3. Learning by Application:
Learning through application has been a time-tested principle of development. However, this principle gets mis-interpreted as applying learning on business impact projects. Learning through application cover several methodologies. Ideally, “learning embedded in the flow of work” leads to enhanced application. One of the ways of doing this is by crafting very smart, short, practical application assignments through the high potential development journey. This may include assignments like:
- Hackathons
- Strategy creation competitions
- Data analysis and interpretation
- Teaching others assignments
- Conducting talent or team audits
- Customer visits
- Simulations
4. Learning Through Immersion:
One of the core behavioral challenges that high potentials (and even organizations) can face is lack of “outside-in” thinking. This happens when leaders have been too immersed into a known context for a very long time. Operating within the same context daily limits our imagination and therefore “our thinking cluster” as leaders get confined. One of the best ways of solving this problem is by enabling learning through immersions. Simply put, this requires leaders to spend time in exploring “out of context” dimensions so that they can let their imagination fly.
This happens through various techniques like
- Company visits
- Panel discussions with leaders of other industries,
- Industry-agnostic benchmarking,
- Corporate social responsibility projects
- Immersions in lesser understood functions.
5. Learning Through Nudges:
Most of us have been a part of exceptional sessions delivered by brilliant speakers. As learners, we have experienced the “session high” and promised ourselves to try new ways of thinking when we “get back to work”. However, as work reality sets in and we get re-engaged with business challenges our memory of concepts/tools learnt in these sessions starts fading ! This can be tackled by inserting the right nudges, which are ideally a combination of “push” and “pull” strategies.
- Push nudges include coaching conversations, reviews, metrics, and presentations.
- Pull nudges include success stories, ready reckoners, reinforcement apps or even leadership tip of the week !
6. Learning Though Peers:
An area that may get ignored in a High Potential Development Program is learning through peers. Peers in a high potential program can be a critical source of learning as these are similar leaders going through similar challenges but navigating them differently. By encouraging high potential leaders to observe (and learn from) other high potential leaders , we can unlock the leadership capital of group as a whole. This can be done by deliberately adding learning sessions by peers on capability that they are strong at. As an example, a large proposition of high potential leaders need to develop a “digital mindset” but there is a group of peers who excel in it already !. Another way this can be done is by conducting frequent “peer coaching” sessions. This would involve a small group of peers working as a learning team on individual business issues but coaching and guiding each other along the way.

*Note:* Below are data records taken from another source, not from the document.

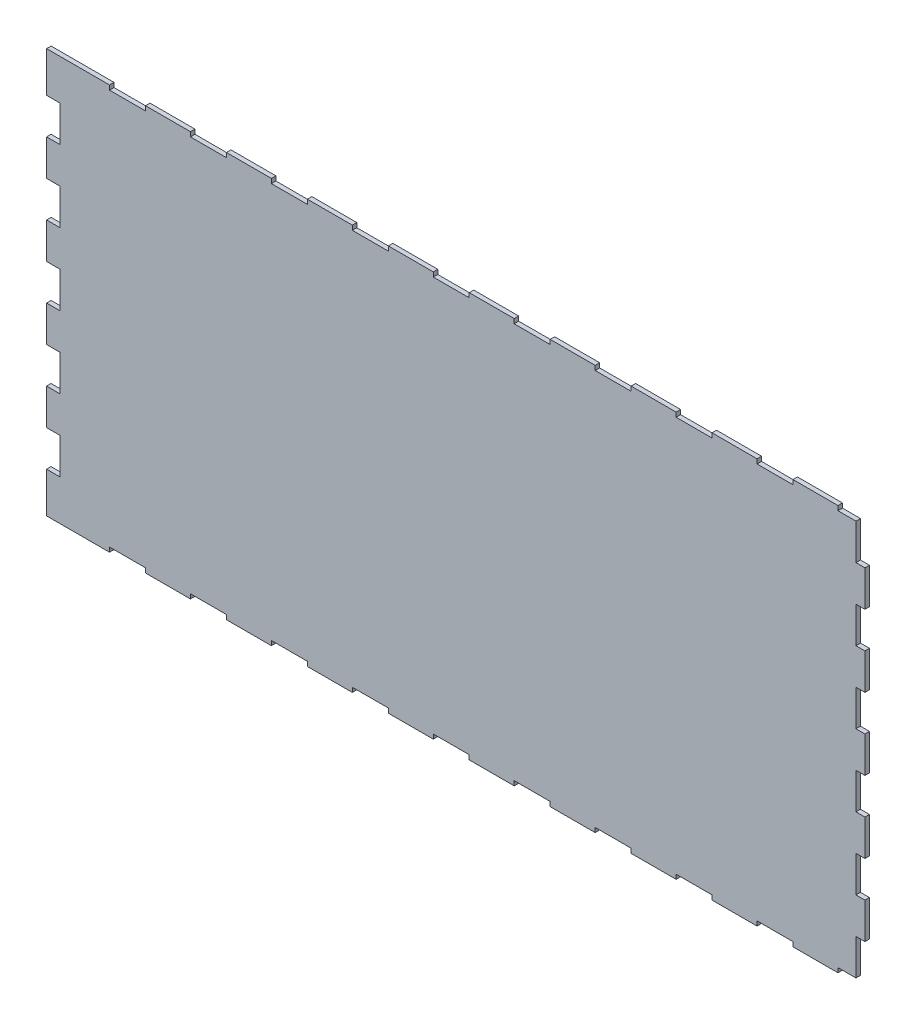
SolidWorks part; units mm, degrees
ref_plane "Front Plane" through (0, 0, 0) normal (0, 0, 1) x (1, 0, 0)
ref_plane "Top Plane" through (0, 0, 0) normal (0, 1, 0) x (1, 0, 0)
ref_plane "Right Plane" through (0, 0, 0) normal (1, 0, 0) x (0, 0, -1)
sketch "Sketch1" plane through (0, 0, 0) normal (0, 0, 1) x (1, 0, 0)
  line L0 (885, 100) -> (885, 60)
  line L1 (-900, 225) -> (-830, 225)
  line L2 (-900, 225) -> (-900, 180)
  line L4 (900, 225) -> (900, 180)
  line L5 (-900, 225) -> (900, -225) construction
  line L6 (-900, -225) -> (900, 225) construction
  line L7 (900, 180) -> (885, 180)
  line L9 (900, 140) -> (885, 140)
  line L10 (885, 180) -> (885, 140)
  line L11 (900, 100) -> (885, 100)
  line L12 (900, 60) -> (885, 60)
  line L13 (885, 20) -> (885, -20)
  line L14 (900, 20) -> (885, 20)
  line L15 (900, -20) -> (885, -20)
  line L16 (885, -60) -> (885, -100)
  line L17 (900, -60) -> (885, -60)
  line L18 (900, -100) -> (885, -100)
  line L19 (885, -140) -> (885, -180)
  line L20 (900, -140) -> (885, -140)
  line L21 (900, -180) -> (885, -180)
  line L22 (900, 60) -> (900, 20)
  line L23 (900, -20) -> (900, -60)
  line L24 (900, -100) -> (900, -140)
  line L25 (900, -180) -> (900, -225)
  line L26 (900, 140) -> (900, 100)
  line L27 (0, -1000) -> (0, -180) construction
  line L28 (-900, -180) -> (-885, -180)
  line L29 (-900, -140) -> (-885, -140)
  line L30 (-885, -140) -> (-885, -180)
  line L31 (-900, -100) -> (-885, -100)
  line L32 (-900, -60) -> (-885, -60)
  line L33 (-885, -60) -> (-885, -100)
  line L34 (-900, -20) -> (-885, -20)
  line L35 (-900, 20) -> (-885, 20)
  line L36 (-885, 20) -> (-885, -20)
  line L37 (-900, 60) -> (-885, 60)
  line L38 (-900, 100) -> (-885, 100)
  line L39 (-885, 180) -> (-885, 140)
  line L40 (-900, 140) -> (-885, 140)
  line L41 (-900, 180) -> (-885, 180)
  line L42 (-885, 100) -> (-885, 60)
  line L43 (-900, 140) -> (-900, 100)
  line L44 (-900, 60) -> (-900, 20)
  line L45 (-900, -20) -> (-900, -60)
  line L46 (-900, -100) -> (-900, -140)
  line L47 (-900, -180) -> (-900, -225)
  line L48 (-790, -225) -> (-740, -225)
  line L49 (790, 225) -> (790, 220) construction
  line L50 (790, 220) -> (830, 220) construction
  line L51 (830, 220) -> (830, 225) construction
  line L52 (-700, -225) -> (-650, -225)
  line L53 (700, 225) -> (700, 220) construction
  line L54 (700, 220) -> (740, 220) construction
  line L55 (740, 220) -> (740, 225) construction
  line L56 (-610, -225) -> (-560, -225)
  line L57 (610, 225) -> (610, 220) construction
  line L58 (610, 220) -> (650, 220) construction
  line L59 (650, 220) -> (650, 225) construction
  line L60 (-520, -225) -> (-470, -225)
  line L61 (520, 225) -> (520, 220) construction
  line L62 (520, 220) -> (560, 220) construction
  line L63 (560, 220) -> (560, 225) construction
  line L64 (-430, -225) -> (-380, -225)
  line L65 (430, 225) -> (430, 220) construction
  line L66 (430, 220) -> (470, 220) construction
  line L67 (470, 220) -> (470, 225) construction
  line L68 (-340, -225) -> (-290, -225)
  line L69 (340, 225) -> (340, 220) construction
  line L70 (340, 220) -> (380, 220) construction
  line L71 (380, 220) -> (380, 225) construction
  line L72 (-250, -225) -> (-200, -225)
  line L73 (250, 225) -> (250, 220) construction
  line L74 (250, 220) -> (290, 220) construction
  line L75 (290, 220) -> (290, 225) construction
  line L76 (-160, -225) -> (-110, -225)
  line L77 (160, 225) -> (160, 220) construction
  line L78 (160, 220) -> (200, 220) construction
  line L79 (200, 220) -> (200, 225) construction
  line L80 (-70, -225) -> (-20, -225)
  line L81 (70, 225) -> (70, 220) construction
  line L82 (70, 220) -> (110, 220) construction
  line L83 (110, 220) -> (110, 225) construction
  line L84 (20, -225) -> (70, -225)
  line L85 (-20, 225) -> (-20, 220) construction
  line L86 (-20, 220) -> (20, 220) construction
  line L87 (20, 220) -> (20, 225) construction
  line L88 (110, -225) -> (160, -225)
  line L89 (-110, 225) -> (-110, 220) construction
  line L90 (-110, 220) -> (-70, 220) construction
  line L91 (-70, 220) -> (-70, 225) construction
  line L92 (200, -225) -> (250, -225)
  line L93 (-200, 225) -> (-200, 220) construction
  line L94 (-200, 220) -> (-160, 220) construction
  line L95 (-160, 220) -> (-160, 225) construction
  line L96 (290, -225) -> (340, -225)
  line L97 (-290, 225) -> (-290, 220) construction
  line L98 (-290, 220) -> (-250, 220) construction
  line L99 (-250, 220) -> (-250, 225) construction
  line L100 (380, -225) -> (430, -225)
  line L101 (-380, 225) -> (-380, 220) construction
  line L102 (-380, 220) -> (-340, 220) construction
  line L103 (-340, 220) -> (-340, 225) construction
  line L104 (470, -225) -> (520, -225)
  line L105 (-470, 225) -> (-470, 220) construction
  line L106 (-470, 220) -> (-430, 220) construction
  line L107 (-430, 220) -> (-430, 225) construction
  line L108 (560, -225) -> (610, -225)
  line L109 (-560, 225) -> (-560, 220) construction
  line L110 (-560, 220) -> (-520, 220) construction
  line L111 (-520, 220) -> (-520, 225) construction
  line L112 (650, -225) -> (700, -225)
  line L113 (-650, 225) -> (-650, 220) construction
  line L114 (-650, 220) -> (-610, 220) construction
  line L115 (-610, 220) -> (-610, 225) construction
  line L116 (740, -225) -> (790, -225)
  line L117 (-740, 225) -> (-740, 220) construction
  line L118 (-740, 220) -> (-700, 220) construction
  line L119 (-700, 220) -> (-700, 225) construction
  line L120 (830, -225) -> (900, -225)
  line L121 (-830, 225) -> (-830, 220) construction
  line L122 (-830, 220) -> (-790, 220) construction
  line L123 (-790, 220) -> (-790, 225) construction
  line L125 (790, 225) -> (790, 220)
  line L126 (790, 220) -> (830, 220)
  line L127 (830, 220) -> (830, 225)
  line L129 (700, 225) -> (700, 220)
  line L130 (700, 220) -> (740, 220)
  line L131 (740, 220) -> (740, 225)
  line L133 (610, 225) -> (610, 220)
  line L134 (610, 220) -> (650, 220)
  line L135 (650, 220) -> (650, 225)
  line L137 (520, 225) -> (520, 220)
  line L138 (520, 220) -> (560, 220)
  line L139 (560, 220) -> (560, 225)
  line L141 (430, 225) -> (430, 220)
  line L142 (430, 220) -> (470, 220)
  line L143 (470, 220) -> (470, 225)
  line L145 (340, 225) -> (340, 220)
  line L146 (340, 220) -> (380, 220)
  line L147 (380, 220) -> (380, 225)
  line L149 (250, 225) -> (250, 220)
  line L150 (250, 220) -> (290, 220)
  line L151 (290, 220) -> (290, 225)
  line L153 (160, 225) -> (160, 220)
  line L154 (160, 220) -> (200, 220)
  line L155 (200, 220) -> (200, 225)
  line L157 (70, 225) -> (70, 220)
  line L158 (70, 220) -> (110, 220)
  line L159 (110, 220) -> (110, 225)
  line L161 (-20, 225) -> (-20, 220)
  line L162 (-20, 220) -> (20, 220)
  line L163 (20, 220) -> (20, 225)
  line L165 (-110, 225) -> (-110, 220)
  line L166 (-110, 220) -> (-70, 220)
  line L167 (-70, 220) -> (-70, 225)
  line L169 (-200, 225) -> (-200, 220)
  line L170 (-200, 220) -> (-160, 220)
  line L171 (-160, 220) -> (-160, 225)
  line L173 (-290, 225) -> (-290, 220)
  line L174 (-290, 220) -> (-250, 220)
  line L175 (-250, 220) -> (-250, 225)
  line L177 (-380, 225) -> (-380, 220)
  line L178 (-380, 220) -> (-340, 220)
  line L179 (-340, 220) -> (-340, 225)
  line L181 (-470, 225) -> (-470, 220)
  line L182 (-470, 220) -> (-430, 220)
  line L183 (-430, 220) -> (-430, 225)
  line L185 (-560, 225) -> (-560, 220)
  line L186 (-560, 220) -> (-520, 220)
  line L187 (-520, 220) -> (-520, 225)
  line L189 (-650, 225) -> (-650, 220)
  line L190 (-650, 220) -> (-610, 220)
  line L191 (-610, 220) -> (-610, 225)
  line L193 (-740, 225) -> (-740, 220)
  line L194 (-740, 220) -> (-700, 220)
  line L195 (-700, 220) -> (-700, 225)
  line L197 (-830, 225) -> (-830, 220)
  line L198 (-830, 220) -> (-790, 220)
  line L199 (-790, 220) -> (-790, 225)
  line L200 (830, 225) -> (900, 225)
  line L201 (740, 225) -> (790, 225)
  line L202 (650, 225) -> (700, 225)
  line L203 (560, 225) -> (610, 225)
  line L204 (470, 225) -> (520, 225)
  line L205 (380, 225) -> (430, 225)
  line L206 (290, 225) -> (340, 225)
  line L207 (200, 225) -> (250, 225)
  line L208 (110, 225) -> (160, 225)
  line L209 (20, 225) -> (70, 225)
  line L210 (-70, 225) -> (-20, 225)
  line L211 (-160, 225) -> (-110, 225)
  line L212 (-250, 225) -> (-200, 225)
  line L213 (-340, 225) -> (-290, 225)
  line L214 (-430, 225) -> (-380, 225)
  line L215 (-520, 225) -> (-470, 225)
  line L216 (-610, 225) -> (-560, 225)
  line L217 (-700, 225) -> (-650, 225)
  line L218 (-790, 225) -> (-740, 225)
  line L219 (0, 0) -> (226.4615, 0) construction
  line L220 (-740, -225) -> (-740, -220)
  line L222 (-830, -225) -> (-830, -220)
  line L223 (-830, -220) -> (-790, -220)
  line L224 (-790, -225) -> (-790, -220)
  line L225 (-700, -225) -> (-700, -220)
  line L226 (-740, -220) -> (-700, -220)
  line L227 (-650, -225) -> (-650, -220)
  line L228 (-610, -225) -> (-610, -220)
  line L229 (-650, -220) -> (-610, -220)
  line L230 (-560, -225) -> (-560, -220)
  line L231 (-520, -225) -> (-520, -220)
  line L232 (-560, -220) -> (-520, -220)
  line L233 (-470, -225) -> (-470, -220)
  line L234 (-430, -225) -> (-430, -220)
  line L235 (-470, -220) -> (-430, -220)
  line L236 (-380, -225) -> (-380, -220)
  line L237 (-340, -225) -> (-340, -220)
  line L238 (-380, -220) -> (-340, -220)
  line L239 (-290, -225) -> (-290, -220)
  line L240 (-250, -225) -> (-250, -220)
  line L241 (-290, -220) -> (-250, -220)
  line L242 (-200, -225) -> (-200, -220)
  line L243 (-160, -225) -> (-160, -220)
  line L244 (-200, -220) -> (-160, -220)
  line L245 (-110, -225) -> (-110, -220)
  line L246 (-70, -225) -> (-70, -220)
  line L247 (-110, -220) -> (-70, -220)
  line L248 (-20, -225) -> (-20, -220)
  line L249 (20, -225) -> (20, -220)
  line L250 (-20, -220) -> (20, -220)
  line L251 (70, -225) -> (70, -220)
  line L252 (110, -225) -> (110, -220)
  line L253 (70, -220) -> (110, -220)
  line L254 (160, -225) -> (160, -220)
  line L255 (200, -225) -> (200, -220)
  line L256 (160, -220) -> (200, -220)
  line L257 (250, -225) -> (250, -220)
  line L258 (290, -225) -> (290, -220)
  line L259 (250, -220) -> (290, -220)
  line L260 (340, -225) -> (340, -220)
  line L261 (380, -225) -> (380, -220)
  line L262 (340, -220) -> (380, -220)
  line L263 (430, -225) -> (430, -220)
  line L264 (470, -225) -> (470, -220)
  line L265 (430, -220) -> (470, -220)
  line L266 (520, -225) -> (520, -220)
  line L267 (560, -225) -> (560, -220)
  line L268 (520, -220) -> (560, -220)
  line L269 (610, -225) -> (610, -220)
  line L270 (650, -225) -> (650, -220)
  line L271 (610, -220) -> (650, -220)
  line L272 (700, -225) -> (700, -220)
  line L273 (740, -225) -> (740, -220)
  line L274 (700, -220) -> (740, -220)
  line L275 (790, -225) -> (790, -220)
  line L276 (830, -225) -> (830, -220)
  line L277 (790, -220) -> (830, -220)
  line L278 (-900, -225) -> (-830, -225)
  line L279 (10, 100) -> (10, 60)
  line L280 (0, 180) -> (10, 180)
  line L282 (0, 140) -> (10, 140)
  line L283 (10, 180) -> (10, 140)
  line L284 (0, 100) -> (10, 100)
  line L285 (0, 60) -> (10, 60)
  line L287 (10, 20) -> (10, -20)
  line L288 (0, 20) -> (10, 20)
  line L289 (0, -20) -> (10, -20)
  line L291 (10, -60) -> (10, -100)
  line L292 (0, -60) -> (10, -60)
  line L293 (0, -100) -> (10, -100)
  line L295 (10, -140) -> (10, -180)
  line L296 (0, -140) -> (10, -140)
  line L297 (0, -180) -> (10, -180)
  line L299 (0, 220) -> (0, 180)
  line L300 (0, 140) -> (0, 100)
  line L301 (0, 180) -> (0, 1220) construction
  line L302 (0, 60) -> (0, 20)
  line L303 (0, 100) -> (0, 140) construction
  line L304 (0, -20) -> (0, -60)
  line L305 (0, 20) -> (0, 60) construction
  line L306 (0, -100) -> (0, -140)
  line L307 (0, -60) -> (0, -20) construction
  line L308 (0, -180) -> (0, -220)
  line L309 (0, -140) -> (0, -100) construction
  point P0 (0, 0)
  point P211 (10, 0)
  dimension "D1" = 40
  dimension "D2" = 70
  dimension "D3" = 15
  dimension "D4" = 40
  dimension "D5" = 40
  dimension "D7" = 19
  dimension "D8" = 10
  dimension "D6" = 5
  dimension "D9" = 5
extrude "Boss-Extrude1" add sketch "Sketch1" along normal blind 5 contours L47 L278 L222 L223 L224 L48 L220 L226 L225 L52 L227 L229 L228 L56 L230 L232 L231 L60 L233 L235 L234 L64 L236 L238 L237 L68 L239 L241 L240 L72 L242 L244 L243 L76 L245 L247 L246 L80 L248 L250 L249 L84 L251 L253 L252 L88 L254 L256 L255 L92 L257

7. Learning Through Engaging Content:
Content is centripetal to a high potential developmental journey. However, the operating principle over here is “engaging content that sticks”. Therefore, content selection has two criteria: a) Is it engaging? b) Will it stick? One of the ways of ensuring this is to leverage real life case studies. The right case studies help us to build up on stories that stick. Another way to do this is by leveraging gamified learning, simulations, and high impact videos. However, it is also critical to ensure that we don’t fall in the trap of “making learning only fun” where it tends to digress and does not help with the learning objective. Therefore content relevance is equally critical.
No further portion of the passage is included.